Verify each identity. $$\frac{\sec x-\csc x}{\sec x+\csc x}=\frac{\tan x-1}{\tan x+1}$$

Short Answer

Expert verified
Upon substitution of trigonometric identities and simplification of both sides of the equation, we get the same result, showing that the identities are indeed equal.

Step by step solution

01

Apply the Definitions of Trigonometric Functions

Recall that \(\sec(x) = \frac{1}{\cos(x)}\), \(\csc(x) = \frac{1}{\sin(x)}\), and \(\tan(x) = \frac{\sin(x)}{\cos(x)}\). Applying these substitutions, the given identity transforms into \(\frac{1/\cos(x) - 1/\sin(x)}{1/\cos(x) + 1/\sin(x)} = \frac{\sin(x)/\cos(x) - 1}{\sin(x)/\cos(x) + 1}\).
02

Simplify the Expressions

Find common denominator of \(\cos(x)\) and \(\sin(x)\) for both numerator and denominator of the left side of the equation: \(\frac{\sin(x)-\cos(x)}{\sin(x)+\cos(x)} = \frac{\sin(x)/\cos(x) - 1}{\sin(x)/\cos(x) + 1}\).

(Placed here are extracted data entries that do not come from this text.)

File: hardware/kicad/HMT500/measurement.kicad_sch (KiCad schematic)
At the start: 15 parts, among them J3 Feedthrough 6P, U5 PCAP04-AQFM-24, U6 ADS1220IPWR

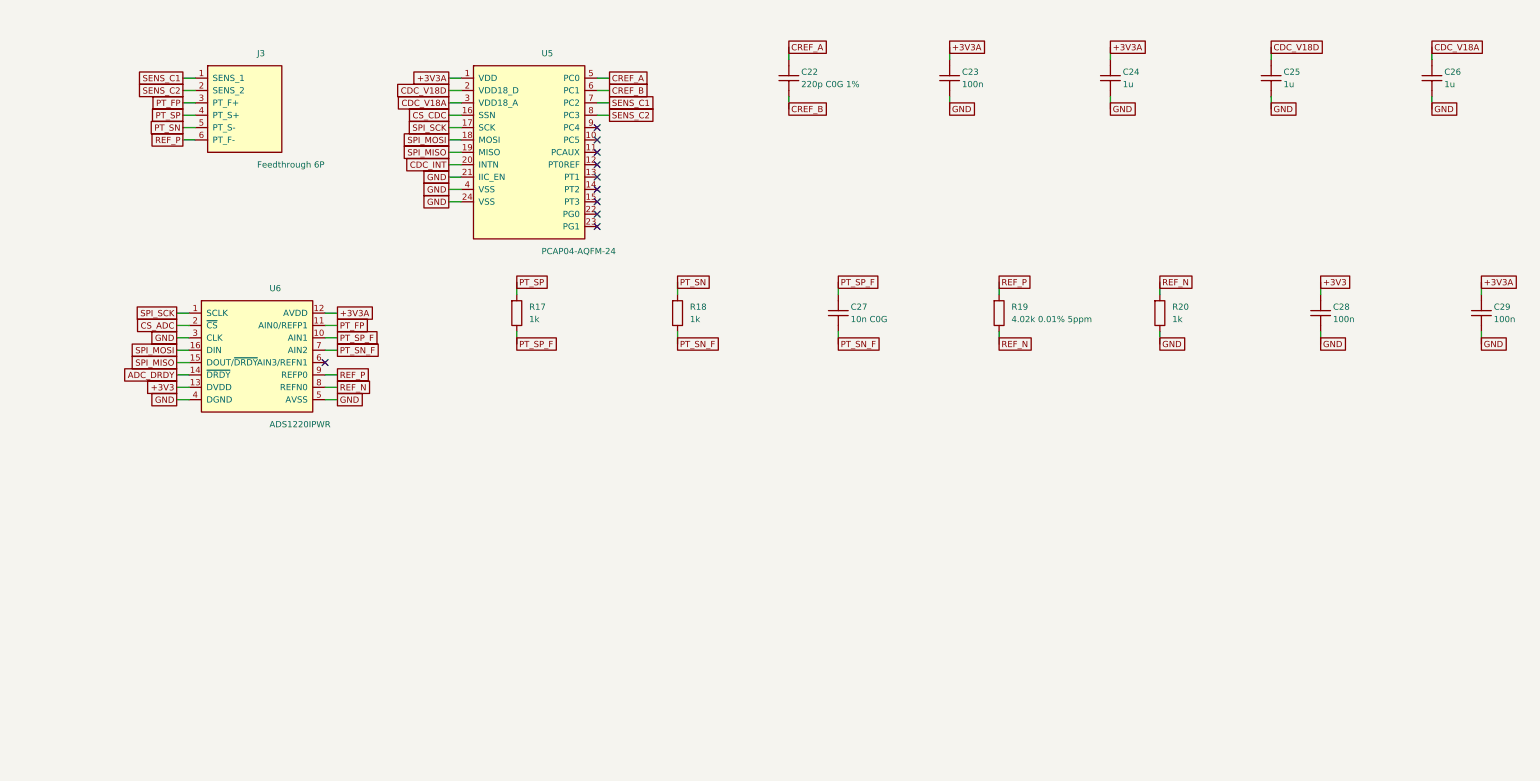
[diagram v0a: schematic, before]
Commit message: KiCad schematic v0.2: hand-laid-out, wired, readable sheets with power symbols and functional blocks
Replaces the label-only v0.1. Drawing rules are validated at generation and
the drawn netlist is checked against design intent (71 nets, 0 errors).

Co-Authored-By: Claude Opus 5.5 <noreply@anthropic.com>
Claude-Session: https://claude.ai/code/session_01JA2o8uJsqp9Vzsg4b665ev
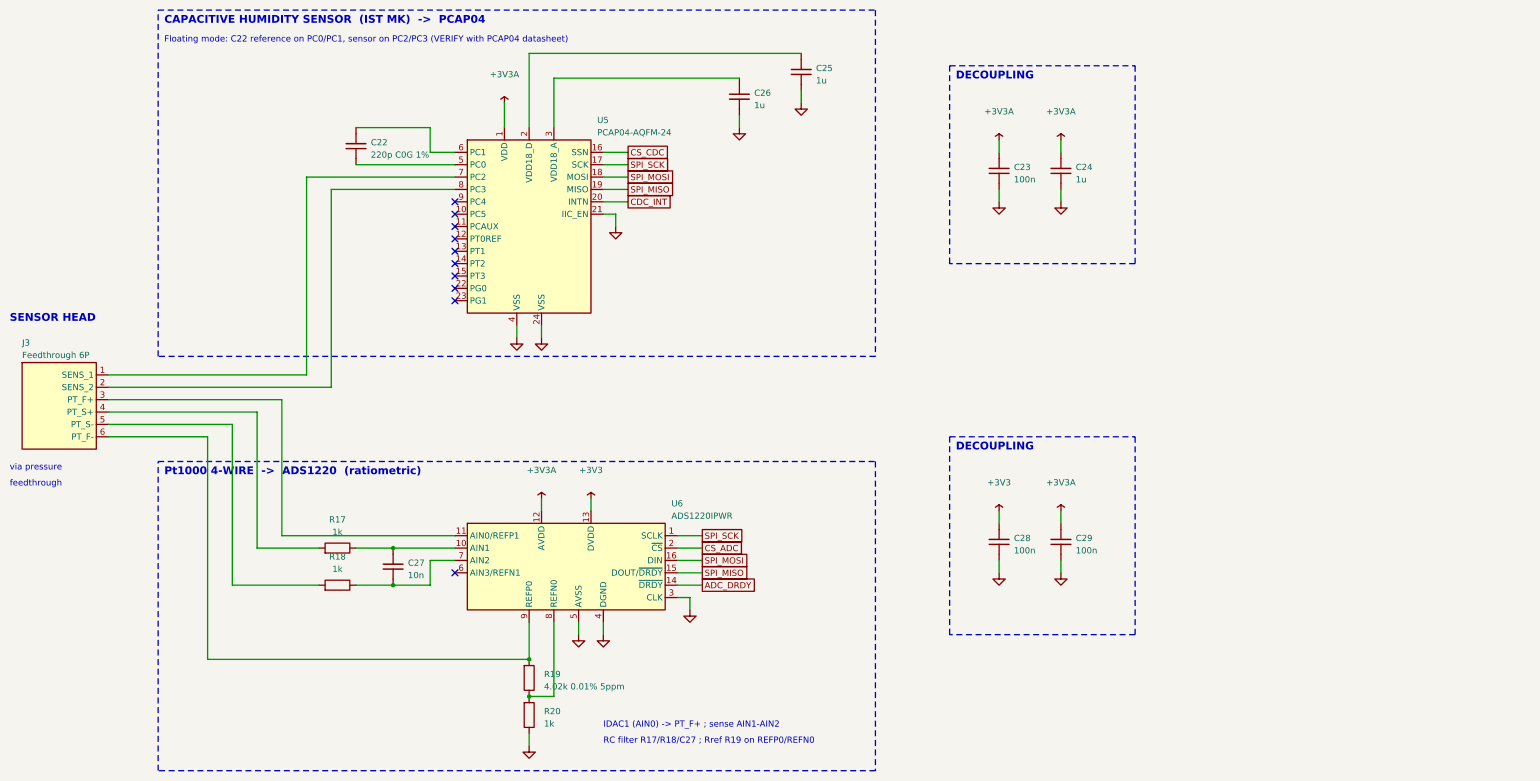
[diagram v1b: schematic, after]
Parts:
- C27: value 10n C0G -> 10n
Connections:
- net CDC_V18A: no longer names the net of C26.1, U5.3 (VDD18_A)
- net CDC_V18D: no longer names the net of C25.1, U5.2 (VDD18_D)
- net CREF_A: no longer names the net of C22.1
- net CREF_A: now also U5.6 (PC1); no longer U5.5 (PC0)
- net CREF_B: no longer names the net of C22.2
- net CREF_B: now also U5.5 (PC0); no longer U5.6 (PC1)
- net PT_FP: no longer names the net of J3.3 (PT_F+), U6.11 (AIN0/REFP1)
- net PT_SN: no longer names the net of J3.5 (PT_S-), R18.1
- net PT_SN_F: no longer names the net of C27.2, R18.2, U6.7 (AIN2)
- net PT_SP: no longer names the net of J3.4 (PT_S+), R17.1
- net PT_SP_F: no longer names the net of C27.1, R17.2, U6.10 (AIN1)
- net REF_N: no longer names the net of R19.2, R20.1, U6.8 (REFN0)
- net REF_P: no longer names the net of J3.6 (PT_F-), R19.1, U6.9 (REFP0)
- net SENS_C1: no longer names the net of J3.1 (SENS_1), U5.7 (PC2)
- net SENS_C2: no longer names the net of J3.2 (SENS_2), U5.8 (PC3)
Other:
- note added: "CAPACITIVE HUMIDITY SENSOR (IST MK) -> PCAP04"
- note added: "DECOUPLING"
- note added: "Floating mode: C22 reference on PC0/PC1, sensor on PC2/PC3 (VERIFY with PCAP04 datasheet)"
- note added: "IDAC1 (AIN0) -> PT_F+ ; sense AIN1-AIN2"
- note added: "Pt1000 4-WIRE -> ADS1220 (ratiometric)"
- note added: "RC filter R17/R18/C27 ; Rref R19 on REFP0/REFN0"
- note added: "SENSOR HEAD"
- note added: "feedthrough"
- note added: "via pressure"
- title: HMT500 - Capacitance (PCAP04) and Pt1000 (ADS1220) -> HMT500  Measurement
- moved on the sheet: C22, C23, C24, C25, C26, C27, C28, C29, J3, R17, R18, R19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

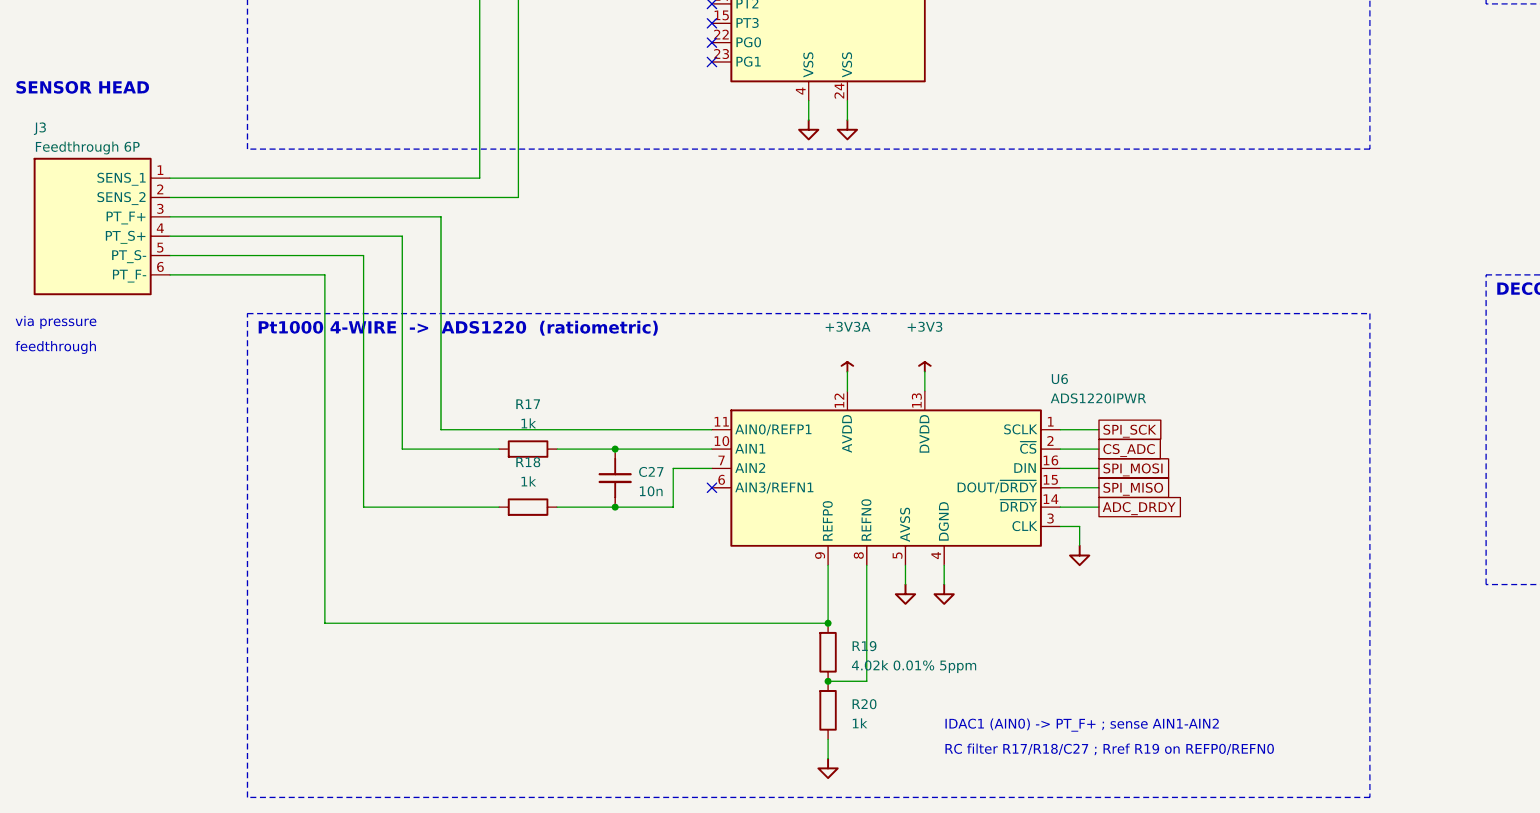
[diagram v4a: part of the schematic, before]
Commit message: Sensor harness W-1: JST SH 1.0 mm 4P between feedthrough and PCB J3
- Schematic v0.4: J3 = BM04B-SRSS-TB (top entry). Pins 1-2 MK33, 3-4 Pt1000
  2-wire with force/sense split at the J3 pads (68 nets, netlist check 0 errors)
- Parts list: J3 header, SHR-04V-S housing, SSH-003T-P0.2-H contacts, PTFE AWG30 wire
- Mech: J3 and harness in params/CAD/drawings (item 17, notes 5 and 9), PCAP04
  moved directly behind J3, PCB outline and KiCad board zone updated
- Test for harness clearance, J3 height and pin mapping
- Decision log #16; JST SH -25..+85 C rating added to open items

Co-Authored-By: Claude Opus 5.5 <noreply@anthropic.com>
Claude-Session: https://claude.ai/code/session_01JA2o8uJsqp9Vzsg4b665ev
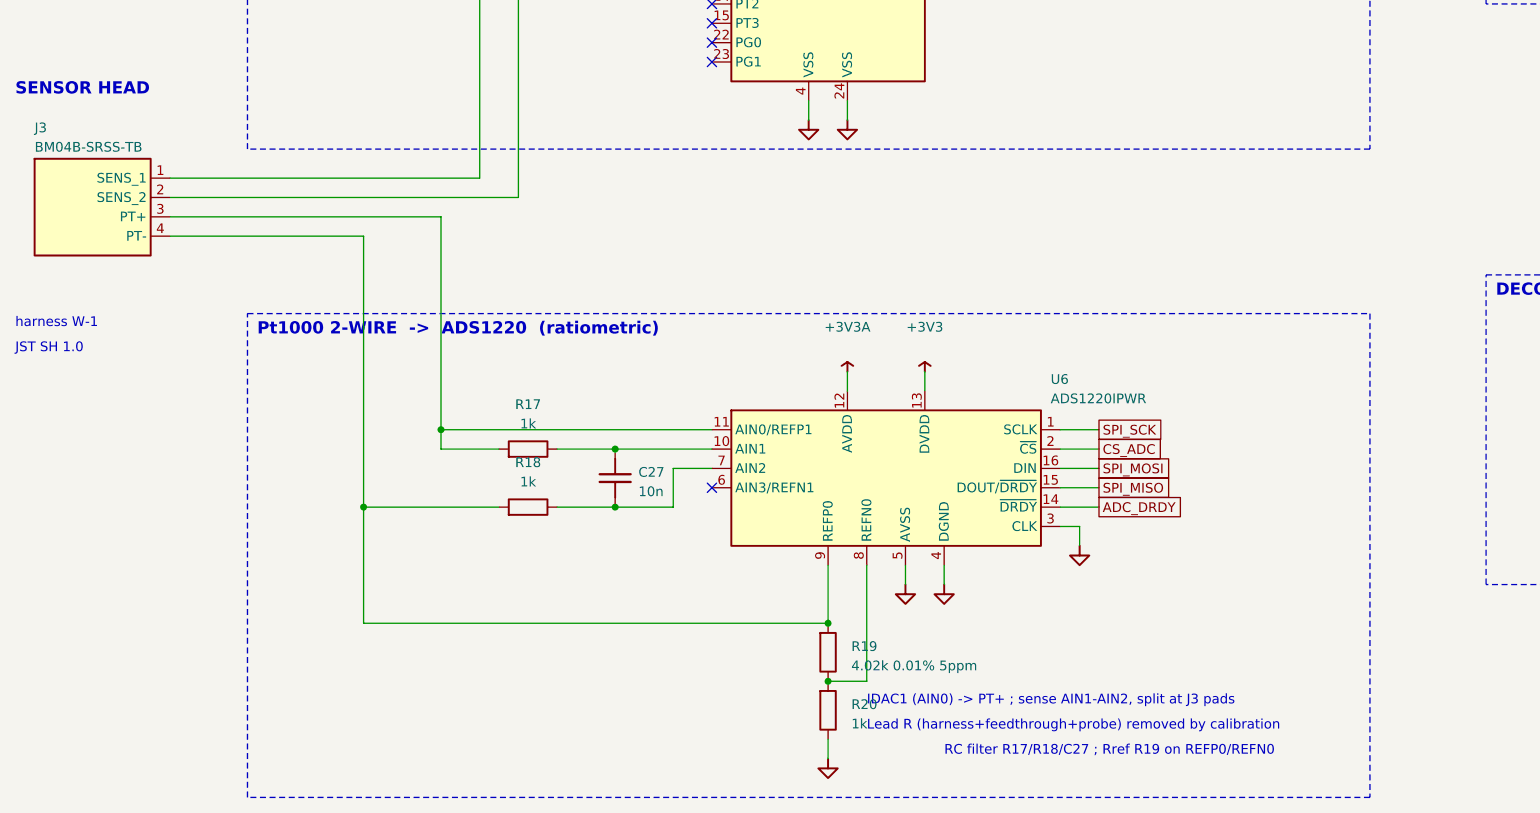
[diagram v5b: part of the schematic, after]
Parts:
- J3: value Feedthrough 6P -> BM04B-SRSS-TB; footprint TBD:Feedthrough_6P -> Connector_JST:JST_SH_BM04B-SRSS-TB_1x04-1MP_P1.00mm_Vertical; symbol HMT500:CONN_PROBE -> HMT500:CONN_SH4
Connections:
- net at J3.3 (PT+), U6.11 (AIN0/REFP1): now also R17.1
- net at R19.1, U6.9 (REFP0): now also J3.4 (PT-), R18.1; no longer J3.6 (PT_F-)
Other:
- note added: "IDAC1 (AIN0) -> PT+ ; sense AIN1-AIN2, split at J3 pads"
- note added: "JST SH 1.0"
- note added: "Lead R (harness+feedthrough+probe) removed by calibration"
- note added: "Pt1000 2-WIRE -> ADS1220 (ratiometric)"
- note added: "harness W-1"
- note removed: "IDAC1 (AIN0) -> PT_F+ ; sense AIN1-AIN2"
- note removed: "Pt1000 4-WIRE -> ADS1220 (ratiometric)"
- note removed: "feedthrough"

Similarly, for the right side, find common denominator \(\cos(x)\) for both numerator and denominator to get \(\frac{\sin(x)-\cos(x)}{\sin(x)+\cos(x)}\).
03

Show the Equality

Now, after simplification, both sides of the equation are equal. The identity is proven.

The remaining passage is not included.